We have to develop this POD...
 
the major problem with anti Nuke Movement is Greenpeace

he origins of Greenpeace lie in the peace movement and the Campaign for Nuclear Disarmament generally,
Taking its name from a slogan used during protests against United States nuclear testing in late 1969, the Committee had come together with the objective of stopping a U.S. nuclear bomb test codenamed Cannikin beneath the Aleutian island of Amchitka, Alaska.

after that Greenpeace start a Propaganda war against nuclear weapon and energy

so wat about a genernal nuclear bomb test stop in 1963 ?

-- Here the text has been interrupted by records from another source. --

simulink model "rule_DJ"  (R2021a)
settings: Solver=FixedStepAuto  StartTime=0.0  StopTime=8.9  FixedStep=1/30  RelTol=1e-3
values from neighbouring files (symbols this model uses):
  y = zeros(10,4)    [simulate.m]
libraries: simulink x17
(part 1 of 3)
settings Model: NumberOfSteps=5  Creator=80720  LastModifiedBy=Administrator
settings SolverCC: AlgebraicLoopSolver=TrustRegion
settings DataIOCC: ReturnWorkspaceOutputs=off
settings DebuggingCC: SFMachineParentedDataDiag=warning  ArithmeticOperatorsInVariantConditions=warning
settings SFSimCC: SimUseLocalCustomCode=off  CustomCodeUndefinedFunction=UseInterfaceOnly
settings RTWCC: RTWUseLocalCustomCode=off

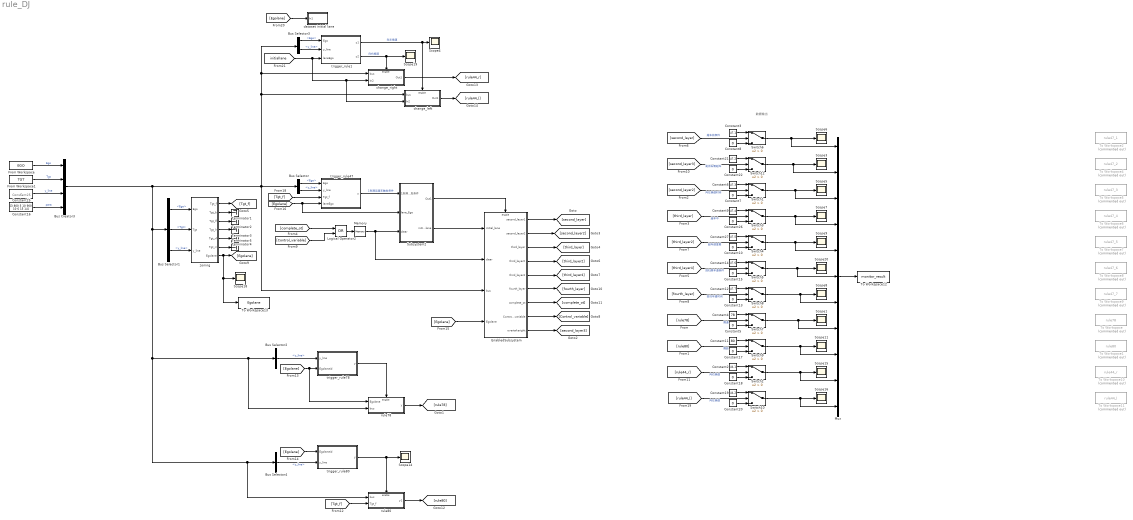
== system rule_DJ ==
  note: Constant25
  note: 数据输出
  Bus Creator3 : BusCreator  Inputs=4
  Bus Selector : BusSelector  OutputSignals=Ego,y_line
  Bus Selector1 : BusSelector  OutputSignals=Ego,Tgt,y_line
  Bus Selector2 : BusSelector  OutputSignals=y_line
  Bus Selector3 : BusSelector  OutputSignals=Ego,y_line
  Bus Selector4 : BusSelector  OutputSignals=y_line
  Constant{5,7..8,10,13,15,17..18,20,22,26} (11 alike) : Constant  Value=0
  Constant11 : Constant  Value=80
  Constant12 : Constant  Value=47.7
  Constant14 : Constant  Value=47.6
  Constant16 : Constant  Value=[3 800 5 10 900 10 6 15 14]
  Constant19 : Constant  Value=44.2
  Constant2 : Constant  Value=44.1
  Constant21 : Constant  Value=47.2
  Constant25 : Constant  Value=y
  Constant27 : Constant  Value=47.5
  Constant3 : Constant  Value=47.1
  Constant4 : Constant  Value=78
  Constant6 : Constant  Value=47.3
  Constant9 : Constant  Value=47.4
  EnabledSubsystem : Subsystem  TreatAsAtomicUnit=on
  From Workspace : FromWorkspace  VariableName=EGO  OutDataTypeStr=Bus: EgoBUS
  From Workspace1 : FromWorkspace  VariableName=TGT  OutDataTypeStr=Bus: TgtBUS
  Logical Operator2 : Logic  Operator=OR  AllPortsSameDT=off  OutDataTypeStr=boolean
  Memory : Memory
  Mux : Mux  Inputs=11
  Scope{1,3..9,11,14..16,18..20} (15 alike) : Scope
  Subsystem2 : Subsystem
  Switch{1..10,12} (11 alike) : Switch  Criteria=u2 > Threshold
  Terminator{1..5} (5 alike) : Terminator
  To Workspace : ToWorkspace  Commented=on  VariableName=rule78  SaveFormat=Timeseries  SampleTime=-1
  To Workspace1 : ToWorkspace  Commented=on  VariableName=rule80  SaveFormat=Timeseries  SampleTime=-1
  To Workspace10 : ToWorkspace  Commented=on  VariableName=rule44_r  SaveFormat=Timeseries  SampleTime=-1
  To Workspace11 : ToWorkspace  Commented=on  VariableName=rule44_l  SaveFormat=Timeseries  SampleTime=-1
  To Workspace12 : ToWorkspace  VariableName=monitor_result  SaveFormat=Timeseries  SampleTime=-1
  To Workspace13 : ToWorkspace  VariableName=Egolane  SaveFormat=Timeseries  SampleTime=-1
  To Workspace2 : ToWorkspace  Commented=on  VariableName=rule47_1  SaveFormat=Timeseries  SampleTime=-1
  To Workspace4 : ToWorkspace  Commented=on  VariableName=rule47_2  SaveFormat=Timeseries  SampleTime=-1
  To Workspace5 : ToWorkspace  Commented=on  VariableName=rule47_3  SaveFormat=Timeseries  SampleTime=-1
  To Workspace6 : ToWorkspace  Commented=on  VariableName=rule47_4  SaveFormat=Timeseries  SampleTime=-1
  To Workspace7 : ToWorkspace  Commented=on  VariableName=rule47_5  SaveFormat=Timeseries  SampleTime=-1
  To Workspace8 : ToWorkspace  Commented=on  VariableName=rule47_6  SaveFormat=Timeseries  SampleTime=-1
  To Workspace9 : ToWorkspace  Commented=on  VariableName=rule47_7  SaveFormat=Timeseries  SampleTime=-1
  change_left : Subsystem  TreatAsAtomicUnit=on
  change_right : Subsystem  TreatAsAtomicUnit=on
  dataset initial lane : Subsystem
  rule78 : Subsystem  TreatAsAtomicUnit=on
  rule80 : Subsystem  TreatAsAtomicUnit=on
  trigger_rule1 : MATLAB Function  TreatAsAtomicUnit=on
  trigger_rule47 : MATLAB Function  TreatAsAtomicUnit=on
  trigger_rule78 : MATLAB Function  TreatAsAtomicUnit=on
  trigger_rule80 : MATLAB Function  TreatAsAtomicUnit=on
  zoning : MATLAB Function  TreatAsAtomicUnit=on
  wires:
  Bus Selector/2 -> trigger_rule47/2(y_line)  "<y_line>"
  Bus Selector/1 -> trigger_rule47/1(Ego)  "<Ego>"
  trigger_rule47/1(y) -> Subsystem2/1(1则满足超车触发条件)  "1则满足超车触发条件"
  Subsystem2/1(Out1) -> EnabledSubsystem/Enable
  Subsystem2/2(initial_lane) -> EnabledSubsystem/1(initial_lane)
  EnabledSubsystem/1(second_layer1) -> [second_layer]
  EnabledSubsystem/3(third_layer) -> [third_layer]
  EnabledSubsystem/4(third_layer2) -> [third_layer2]
  EnabledSubsystem/5(third_layer4) -> [third_layer4]
  EnabledSubsystem/6(fourth_layer) -> [fourth_layer]
  EnabledSubsystem/7(complete_ot) -> [complete_ot]
  EnabledSubsystem/8(Control_variable) -> [Control_variable]
  Constant22/1 -> Switch12/3
  Constant3/1 -> Switch6/1
  Constant13/1 -> Switch8/3
  [fourth_layer] -> Switch8/2  "回归车道时间"
  Constant15/1 -> Switch5/3
  Constant9/1 -> Switch3/1
  Constant21/1 -> Switch12/1
  Switch12/1 -> Mux/2, Scope3/1
  [second_layer3] -> Switch12/2  "是否右侧超车"
  [third_layer2] -> Switch4/2  "超车速度差"
  Constant27/1 -> Switch4/1
  Constant12/1 -> Switch8/1
  Constant10/1 -> Switch4/3
  [third_layer] -> Switch3/2  "超车中"
  [second_layer2] -> Switch1/2  "向左换道时间"
  Constant26/1 -> Switch3/3
  Constant6/1 -> Switch1/1
  Constant7/1 -> Switch1/3
  [second_layer] -> Switch6/2  "超车前条件"
  Constant14/1 -> Switch5/1
  [third_layer4] -> Switch5/2  "回归原车道条件"
  Constant8/1 -> Switch6/3
  Switch6/1 -> Mux/1, Scope6/1
  EnabledSubsystem/9(overtakeright) -> [second_layer3]
  EnabledSubsystem/2(second_layer2) -> [second_layer2]
  From Workspace1/1 -> Bus Creator3/2  "Tgt"
  Constant25/1 -> Bus Creator3/3  "y_line"
  Constant16/1 -> Bus Creator3/4  "para"
  rule78/1(y) -> [rule78]
  trigger_rule78/1(y) -> rule78/Enable
  Bus Selector2/1 -> trigger_rule78/1(y_line)  "<y_line>"
  Bus Selector1/1 -> zoning/1(Ego)  "<Ego>"
  Bus Selector1/2 -> zoning/2(Tgt)  "<Tgt>"
  Bus Selector1/3 -> zoning/3(y_line)  "<y_line>"
  zoning/1(Tgt_f) -> [Tgt_f]
  zoning/2(Tgt_b) -> Terminator1/1
  zoning/3(Tgt_lf) -> Terminator2/1
  zoning/4(Tgt_lr) -> Terminator3/1
  zoning/5(Tgt_rf) -> Terminator4/1
  zoning/6(Tgt_rr) -> Terminator5/1
  [Tgt_f] -> trigger_rule47/3(Tgt_f)
  [Control_variable] -> Logical Operator2/2
  [complete_ot] -> Logical Operator2/1
  Logical Operator2/1 -> Memory/1
  Memory/1 -> EnabledSubsystem/2(clear), Subsystem2/3(clear)
  Bus Selector4/1 -> trigger_rule80/2(y_line)  "<y_line>"
  trigger_rule80/1(y) -> rule80/Enable, Scope14/1
  [Tgt_f] -> rule80/2(Tgt_f)
  zoning/7(Egolane) -> To Workspace13/1, Scope18/1, [Egolane]
  [Egolane] -> rule78/1(Egolane), trigger_rule78/2(Egolaneid)
  [Egolane] -> trigger_rule80/1(Egolaneid)
  [Egolane] -> Subsystem2/2(lane_Ego), trigger_rule47/4(laneEgo)
  [Egolane] -> EnabledSubsystem/4(Egolane)
  From Workspace/1 -> Bus Creator3/1  "Ego"
  Bus Creator3/1 -> Bus Selector1/1, rule80/1(bus), Bus Selector4/1, rule78/2(bus), Bus Selector2/1, change_right/1(bus), Bus Selector3/1, change_left/1(bus), Bus Selector/1, EnabledSubsystem/3(bus)
  Bus Selector3/1 -> trigger_rule1/1(Ego)  "<Ego>"
  Bus Selector3/2 -> trigger_rule1/2(y_line)  "<y_line>"
  [initiallane] -> change_left/2(In2), change_right/2(In2), trigger_rule1/3(laneEgo)
  trigger_rule1/1(y1) -> change_left/Enable, Scope4/1  "向左换道"
  trigger_rule1/2(y2) -> change_right/Enable, Scope19/1  "向右换道"
  Switch3/1 -> Mux/4, Scope7/1
  Switch4/1 -> Mux/5, Scope9/1
  Switch5/1 -> Mux/6, Scope20/1
  Switch8/1 -> Mux/7, Scope8/1
  Switch1/1 -> Mux/3, Scope5/1
  Constant5/1 -> Switch7/3
  Constant4/1 -> Switch7/1
  [rule78] -> Switch7/2  "限速"
  rule80/1(y1) -> [rule80]
  Constant11/1 -> Switch9/1
  [rule80] -> Switch9/2  "限距"
  Constant17/1 -> Switch9/3
  Switch7/1 -> Mux/8, Scope1/1
  Switch9/1 -> Mux/9, Scope11/1
  change_right/1(Out1) -> [rule44_r]
  change_left/1(Out1) -> [rule44_l]
  Switch2/1 -> Mux/10, Scope15/1
  Constant2/1 -> Switch2/1
  Constant18/1 -> Switch2/3
  [rule44_r] -> Switch2/2  "向右换道"
  Switch10/1 -> Mux/11, Scope16/1
  Constant19/1 -> Switch10/1
  Constant20/1 -> Switch10/3
  [rule44_l] -> Switch10/2  "向左换道"
  Mux/1 -> To Workspace12/1
  [Egolane] -> dataset initial lane/1(In1)

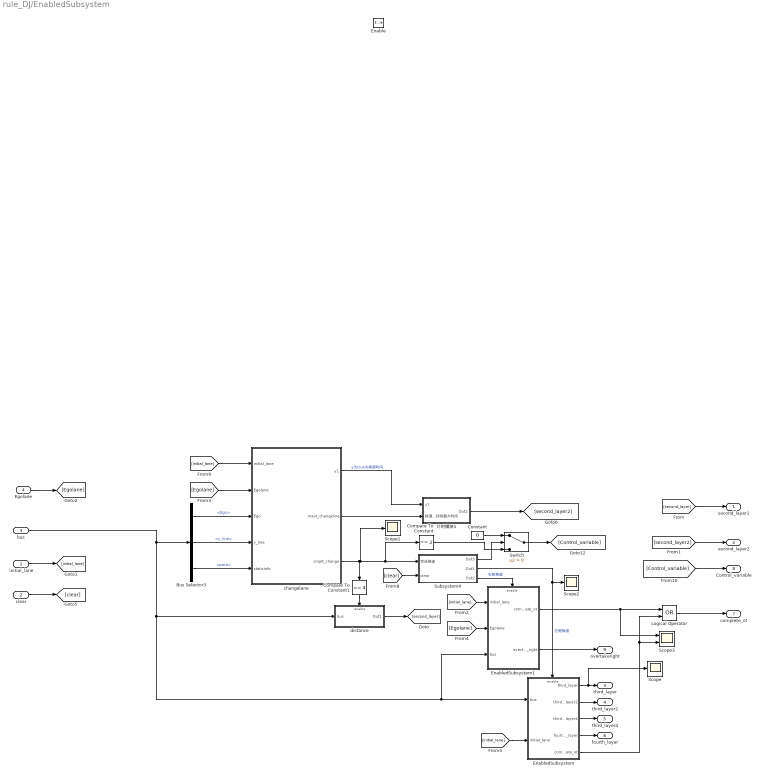
== system rule_DJ/EnabledSubsystem ==
  initial_lane : Inport
  clear : Inport  Port=2
  bus : Inport  Port=3
  Egolane : Inport  Port=4
  Enable : EnablePort
  Bus Selector3 : BusSelector  OutputSignals=Ego,y_line,para
  Compare To Constant : simulink/Logic and Bit Operations/Compare To Constant  relop===  const=2  OutDataTypeStr=boolean
  Compare To Constant1 : simulink/Logic and Bit Operations/Compare To Constant  relop===  const=4  OutDataTypeStr=boolean
  Constant : Constant  Value=0
  EnabledSubsystem : Subsystem  TreatAsAtomicUnit=on
  EnabledSubsystem1 : Subsystem  TreatAsAtomicUnit=on
  Logical Operator : Logic  Operator=OR  AllPortsSameDT=off  OutDataTypeStr=boolean
  Scope : Scope
  Scope1 : Scope
  Scope2 : Scope
  Scope3 : Scope  NumInputPorts=2
  Subsystem4 : Subsystem
  Switch : Switch  Criteria=u2 > Threshold
  changelane : MATLAB Function  TreatAsAtomicUnit=on
  distance : Subsystem  TreatAsAtomicUnit=on
  计时模块1 : Subsystem
  second_layer1 : Outport  OutputWhenDisabled=reset  InitialOutput=0
  second_layer2 : Outport  Port=2  OutputWhenDisabled=reset  InitialOutput=0
  third_layer : Outport  Port=3  OutputWhenDisabled=reset  InitialOutput=0
  third_layer2 : Outport  Port=4  OutputWhenDisabled=reset  InitialOutput=0
  third_layer4 : Outport  Port=5  OutputWhenDisabled=reset  InitialOutput=0
  fourth_layer : Outport  Port=6  OutputWhenDisabled=reset  InitialOutput=0
  complete_ot : Outport  Port=7  OutputWhenDisabled=reset  InitialOutput=0
  Control_variable : Outport  Port=8  OutputWhenDisabled=reset  InitialOutput=0
  overtakeright : Outport  Port=9  OutputWhenDisabled=reset  InitialOutput=0
  wires:
  EnabledSubsystem/1(third_layer) -> Scope/1, third_layer/1
  EnabledSubsystem/4(fourth_layer) -> fourth_layer/1
  EnabledSubsystem/3(third_layer4) -> third_layer4/1
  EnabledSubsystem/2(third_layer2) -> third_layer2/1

by the way i found that France proposed 1968 a NERVA like engine for third-stages for Europa Rocket :eek:
http://www.flightglobal.com/FlightPDFArchive/1963/1963 - 0921.pdf
http://www.flightglobal.com/FlightPDFArchive/1963/1963 - 0922.pdf

for those who not know, the Europa Rocket never made in to Orbit, all Test flight were failure.
 
Outside of space historian circles its little known USSR had several RTG powered sats power modules reenter and spread fallout in atmosphere. Public opinion is based on media exposition of events, not of their seriousness.

A fully-critical nuclear reactor blowing up on launch is going to be a bit different from an RTG reentering the atmosphere. The fissionables will be of higher purity, and there's going to be a lot more of them.

Also, you can only use the NERVA as the upper stage of a Saturn-V if you keep the Saturn-V program from being cancelled. Like I said, you need more changes than just keeping NERVA funded if you want this to work.

You get a better result for less effort if you replace the original MISS program in the 50s with some sort of NTR project. That's how I'd do a Wonderful Space History, anyway.